Task to carry out:
When you reach the line with "#11943 = PLANE" in the data below, begin printing lines exactly, and stop once the line with "#19213 = CARTESIAN_POINT" has been printed.

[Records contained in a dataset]
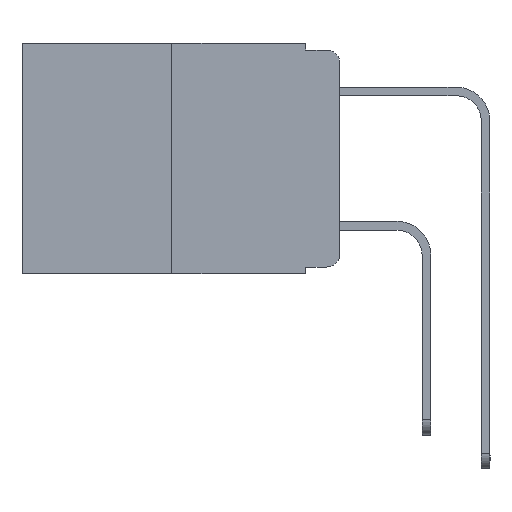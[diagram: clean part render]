
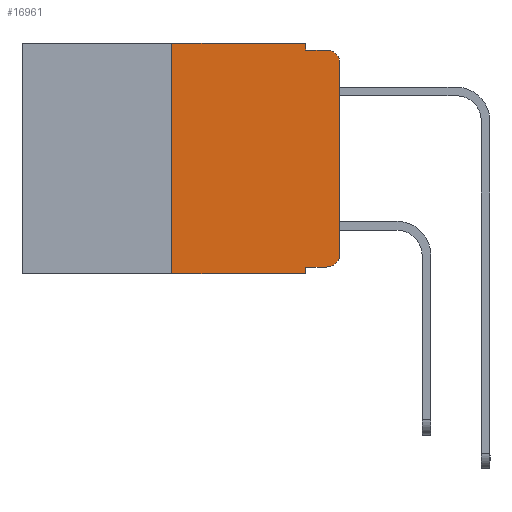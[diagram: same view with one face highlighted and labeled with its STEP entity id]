
A CAD part, left-side view. The second image highlights one B-rep face of the part: STEP entity #16961.
In plain terms, the highlighted planar face has unit normal (-1, 0, 0).
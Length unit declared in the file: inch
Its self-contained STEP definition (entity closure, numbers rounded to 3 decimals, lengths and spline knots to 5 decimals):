
#187 = VECTOR ( 'NONE', #9243, 39.37008 ) ;
#615 = VECTOR ( 'NONE', #16335, 39.37008 ) ;
#871 = DIRECTION ( 'NONE',  ( 0., 0., -1. ) ) ;
#934 = VERTEX_POINT ( 'NONE', #4813 ) ;
#1190 = CARTESIAN_POINT ( 'NONE',  ( 0., 0.051, -0.01 ) ) ;
#1217 = DIRECTION ( 'NONE',  ( 0., 0., -1. ) ) ;
#1298 = VERTEX_POINT ( 'NONE', #15268 ) ;
#1376 = CARTESIAN_POINT ( 'NONE',  ( 0., 0.25, 0. ) ) ;
#1393 = EDGE_CURVE ( 'NONE', #1298, #19591, #6084, .T. ) ;
#1877 = VERTEX_POINT ( 'NONE', #20705 ) ;
#2088 = LINE ( 'NONE', #20078, #187 ) ;
#2416 = DIRECTION ( 'NONE',  ( -1., 0., 0. ) ) ;
#2520 = VECTOR ( 'NONE', #14126, 39.37008 ) ;
#2699 = DIRECTION ( 'NONE',  ( 0., -1., 0. ) ) ;
#2867 = VECTOR ( 'NONE', #12453, 39.37008 ) ;
#3029 = AXIS2_PLACEMENT_3D ( 'NONE', #5043, #12288, #1217 ) ;
#4813 = CARTESIAN_POINT ( 'NONE',  ( 0., 0.02, -0.333 ) ) ;
#4962 = CARTESIAN_POINT ( 'NONE',  ( 0., 0.051, 0. ) ) ;
#5043 = CARTESIAN_POINT ( 'NONE',  ( 0., 0.02, -0.03 ) ) ;
#5522 = CARTESIAN_POINT ( 'NONE',  ( 0., 0.051, -0.333 ) ) ;
#5581 = DIRECTION ( 'NONE',  ( 0., 0., 1. ) ) ;
#5627 = EDGE_LOOP ( 'NONE', ( #15135, #21212, #17317, #17106, #16101, #19995, #16126, #22831, #17142, #9707 ) ) ;
#5900 = CIRCLE ( 'NONE', #16168, 0.02 ) ;
#5955 = CARTESIAN_POINT ( 'NONE',  ( 0., 0.051, -0.343 ) ) ;
#6084 = LINE ( 'NONE', #1190, #10367 ) ;
#7629 = VERTEX_POINT ( 'NONE', #4962 ) ;
#8186 = CARTESIAN_POINT ( 'NONE',  ( 0., 0.051, 0. ) ) ;
#8844 = EDGE_CURVE ( 'NONE', #12749, #22861, #19144, .T. ) ;
#8911 = EDGE_CURVE ( 'NONE', #12749, #1877, #23276, .T. ) ;
#8968 = EDGE_CURVE ( 'NONE', #1877, #7629, #23394, .T. ) ;
#9243 = DIRECTION ( 'NONE',  ( 0., 0., -1. ) ) ;
#9707 = ORIENTED_EDGE ( 'NONE', *, *, #16704, .T. ) ;
#9845 = LINE ( 'NONE', #8186, #22185 ) ;
#10367 = VECTOR ( 'NONE', #20855, 39.37008 ) ;
#10741 = LINE ( 'NONE', #16454, #615 ) ;
#10837 = AXIS2_PLACEMENT_3D ( 'NONE', #19213, #19673, #21328 ) ;
#11172 = CARTESIAN_POINT ( 'NONE',  ( 0., 0., 0. ) ) ;
#11943 = PLANE ( 'NONE',  #10837 ) ;
#12288 = DIRECTION ( 'NONE',  ( -1., 0., 0. ) ) ;
#12453 = DIRECTION ( 'NONE',  ( 0., -1., 0. ) ) ;
#12749 = VERTEX_POINT ( 'NONE', #22718 ) ;
#13586 = VECTOR ( 'NONE', #2699, 39.37008 ) ;
#14126 = DIRECTION ( 'NONE',  ( 0., 0., 1. ) ) ;
#14172 = VERTEX_POINT ( 'NONE', #14390 ) ;
#14390 = CARTESIAN_POINT ( 'NONE',  ( 0., 0., -0.03 ) ) ;
#15135 = ORIENTED_EDGE ( 'NONE', *, *, #15700, .T. ) ;
#15268 = CARTESIAN_POINT ( 'NONE',  ( 0., 0.051, -0.01 ) ) ;
#15700 = EDGE_CURVE ( 'NONE', #18930, #14172, #18546, .T. ) ;
#15900 = EDGE_CURVE ( 'NONE', #19671, #22861, #9845, .T. ) ;
#15982 = FACE_OUTER_BOUND ( 'NONE', #5627, .T. ) ;
#16101 = ORIENTED_EDGE ( 'NONE', *, *, #8968, .F. ) ;
#16126 = ORIENTED_EDGE ( 'NONE', *, *, #8844, .T. ) ;
#16144 = EDGE_CURVE ( 'NONE', #7629, #1298, #2088, .T. ) ;
#16168 = AXIS2_PLACEMENT_3D ( 'NONE', #22641, #2416, #871 ) ;
#16335 = DIRECTION ( 'NONE',  ( 0., -1., 0. ) ) ;
#16454 = CARTESIAN_POINT ( 'NONE',  ( 0., 0.051, -0.333 ) ) ;
#16704 = EDGE_CURVE ( 'NONE', #934, #18930, #5900, .T. ) ;
#16961 = ADVANCED_FACE ( 'NONE', ( #15982 ), #11943, .F. ) ;
#17106 = ORIENTED_EDGE ( 'NONE', *, *, #16144, .F. ) ;
#17142 = ORIENTED_EDGE ( 'NONE', *, *, #18292, .T. ) ;
#17317 = ORIENTED_EDGE ( 'NONE', *, *, #1393, .F. ) ;
#17812 = CARTESIAN_POINT ( 'NONE',  ( 0., 0.473, 0. ) ) ;
#18232 = CIRCLE ( 'NONE', #3029, 0.02 ) ;
#18292 = EDGE_CURVE ( 'NONE', #19671, #934, #10741, .T. ) ;
#18546 = LINE ( 'NONE', #11172, #18801 ) ;
#18801 = VECTOR ( 'NONE', #5581, 39.37008 ) ;
#18930 = VERTEX_POINT ( 'NONE', #22112 ) ;
#19018 = CARTESIAN_POINT ( 'NONE',  ( 0., 0.473, -0.343 ) ) ;
#19144 = LINE ( 'NONE', #19018, #13586 ) ;
#19213 = CARTESIAN_POINT ( 'NONE',  ( 0., 0.473, 0. ) ) ;
#19591 = VERTEX_POINT ( 'NONE', #21585 ) ;
#19671 = VERTEX_POINT ( 'NONE', #5522 ) ;
#19673 = DIRECTION ( 'NONE',  ( 1., 0., 0. ) ) ;
#19995 = ORIENTED_EDGE ( 'NONE', *, *, #8911, .F. ) ;
#20078 = CARTESIAN_POINT ( 'NONE',  ( 0., 0.051, 0. ) ) ;
#20705 = CARTESIAN_POINT ( 'NONE',  ( 0., 0.25, 0. ) ) ;
#20855 = DIRECTION ( 'NONE',  ( 0., -1., 0. ) ) ;
#21049 = DIRECTION ( 'NONE',  ( 0., 0., -1. ) ) ;
#21212 = ORIENTED_EDGE ( 'NONE', *, *, #22545, .T. ) ;
#21328 = DIRECTION ( 'NONE',  ( 0., 0., -1. ) ) ;
#21585 = CARTESIAN_POINT ( 'NONE',  ( 0., 0.02, -0.01 ) ) ;
#22112 = CARTESIAN_POINT ( 'NONE',  ( 0., 0., -0.313 ) ) ;
#22185 = VECTOR ( 'NONE', #21049, 39.37008 ) ;
#22545 = EDGE_CURVE ( 'NONE', #14172, #19591, #18232, .T. ) ;
#22641 = CARTESIAN_POINT ( 'NONE',  ( 0., 0.02, -0.313 ) ) ;
#22718 = CARTESIAN_POINT ( 'NONE',  ( 0., 0.25, -0.343 ) ) ;
#22831 = ORIENTED_EDGE ( 'NONE', *, *, #15900, .F. ) ;
#22861 = VERTEX_POINT ( 'NONE', #5955 ) ;
#23276 = LINE ( 'NONE', #1376, #2520 ) ;
#23394 = LINE ( 'NONE', #17812, #2867 ) ;

Task output:
#11943 = PLANE ( 'NONE',  #10837 ) ;
#12288 = DIRECTION ( 'NONE',  ( -1., 0., 0. ) ) ;
#12453 = DIRECTION ( 'NONE',  ( 0., -1., 0. ) ) ;
#12749 = VERTEX_POINT ( 'NONE', #22718 ) ;
#13586 = VECTOR ( 'NONE', #2699, 39.37008 ) ;
#14126 = DIRECTION ( 'NONE',  ( 0., 0., 1. ) ) ;
#14172 = VERTEX_POINT ( 'NONE', #14390 ) ;
#14390 = CARTESIAN_POINT ( 'NONE',  ( 0., 0., -0.03 ) ) ;
#15135 = ORIENTED_EDGE ( 'NONE', *, *, #15700, .T. ) ;
#15268 = CARTESIAN_POINT ( 'NONE',  ( 0., 0.051, -0.01 ) ) ;
#15700 = EDGE_CURVE ( 'NONE', #18930, #14172, #18546, .T. ) ;
#15900 = EDGE_CURVE ( 'NONE', #19671, #22861, #9845, .T. ) ;
#15982 = FACE_OUTER_BOUND ( 'NONE', #5627, .T. ) ;
#16101 = ORIENTED_EDGE ( 'NONE', *, *, #8968, .F. ) ;
#16126 = ORIENTED_EDGE ( 'NONE', *, *, #8844, .T. ) ;
#16144 = EDGE_CURVE ( 'NONE', #7629, #1298, #2088, .T. ) ;
#16168 = AXIS2_PLACEMENT_3D ( 'NONE', #22641, #2416, #871 ) ;
#16335 = DIRECTION ( 'NONE',  ( 0., -1., 0. ) ) ;
#16454 = CARTESIAN_POINT ( 'NONE',  ( 0., 0.051, -0.333 ) ) ;
#16704 = EDGE_CURVE ( 'NONE', #934, #18930, #5900, .T. ) ;
#16961 = ADVANCED_FACE ( 'NONE', ( #15982 ), #11943, .F. ) ;
#17106 = ORIENTED_EDGE ( 'NONE', *, *, #16144, .F. ) ;
#17142 = ORIENTED_EDGE ( 'NONE', *, *, #18292, .T. ) ;
#17317 = ORIENTED_EDGE ( 'NONE', *, *, #1393, .F. ) ;
#17812 = CARTESIAN_POINT ( 'NONE',  ( 0., 0.473, 0. ) ) ;
#18232 = CIRCLE ( 'NONE', #3029, 0.02 ) ;
#18292 = EDGE_CURVE ( 'NONE', #19671, #934, #10741, .T. ) ;
#18546 = LINE ( 'NONE', #11172, #18801 ) ;
#18801 = VECTOR ( 'NONE', #5581, 39.37008 ) ;
#18930 = VERTEX_POINT ( 'NONE', #22112 ) ;
#19018 = CARTESIAN_POINT ( 'NONE',  ( 0., 0.473, -0.343 ) ) ;
#19144 = LINE ( 'NONE', #19018, #13586 ) ;
#19213 = CARTESIAN_POINT ( 'NONE',  ( 0., 0.473, 0. ) ) ;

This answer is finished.